Everyone has inside of him a piece of good news.
The good news is that you don’t know how great
you can be! How much you can love! What you can
accomplish! And what your potential is!
— Anne Frank

Tina Valentino is the Editor/Publisher
What’s in a domain name? That which we call local by any other name would smell as sweet…

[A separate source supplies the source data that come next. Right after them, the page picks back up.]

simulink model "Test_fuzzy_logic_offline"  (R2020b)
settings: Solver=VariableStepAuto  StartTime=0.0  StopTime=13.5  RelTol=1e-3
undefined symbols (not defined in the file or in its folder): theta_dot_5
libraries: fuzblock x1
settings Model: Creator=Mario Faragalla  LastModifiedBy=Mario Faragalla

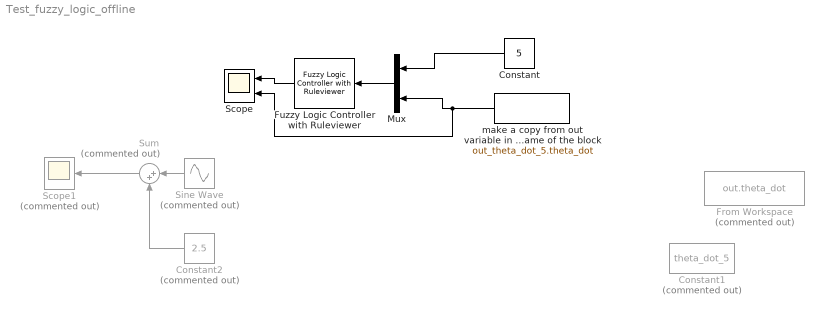
== system Test_fuzzy_logic_offline ==
  Constant : Constant  Value=5
  Constant1 : Constant  Commented=on  Value=theta_dot_5
  Constant2 : Constant  Commented=on  Value=2.5
  From Workspace : FromWorkspace  Commented=on  VariableName=out.theta_dot
  Fuzzy Logic Controller with Ruleviewer : fuzblock/Fuzzy Logic  Controller  with Ruleviewer  fismatrix=fuzzy_pile3  Ts=2
  Mux : Mux  Inputs=2
  Scope : Scope  NumInputPorts=2
  Scope1 : Scope  Commented=on
  Sine Wave : Sin  Commented=on  Amplitude=2.5  Frequency=0.25  SampleTime=0
  Sum : Sum  Commented=on  Inputs=|++
  make a copy from out variable in the other file to the workspace then rename it with the name of the block : FromWorkspace  VariableName=out_theta_dot_5.theta_dot
  wires:
  Mux/1 -> Fuzzy Logic Controller with Ruleviewer/1
  Constant/1 -> Mux/1
  make a copy from out variable in the other file to the workspace then rename it with the name of the block/1 -> Scope/2, Mux/2
  Fuzzy Logic Controller with Ruleviewer/1 -> Scope/1
  Sine Wave/1 -> Sum/1
  Constant2/1 -> Sum/2
  Sum/1 -> Scope1/1

Actually, I think it stinks. My Oak Park friend Matt Baron, who contributes great local stories to Neighbors magazine, gave me my first whiff of the landfill-like odor in his blog “Chicago Tribune’s Hyper-Hyper-Local Push” at www.insideedgepr.com a few weeks before Christmas. Despite decades of raking in obscene amounts of revenue from sections upon sections of display advertising, classified and the lottery of legal notices, the Tribune still filed for bankruptcy in 2008. A few years later, they launched TribLocal to gain a better foothold in the suburbs, which they have essentially ignored, with the exception of obituaries. Where do tyrants and dictators go when their coffers dry up? Into the little villages to pillage and plunder, to take and to charge and to expand their kingdoms.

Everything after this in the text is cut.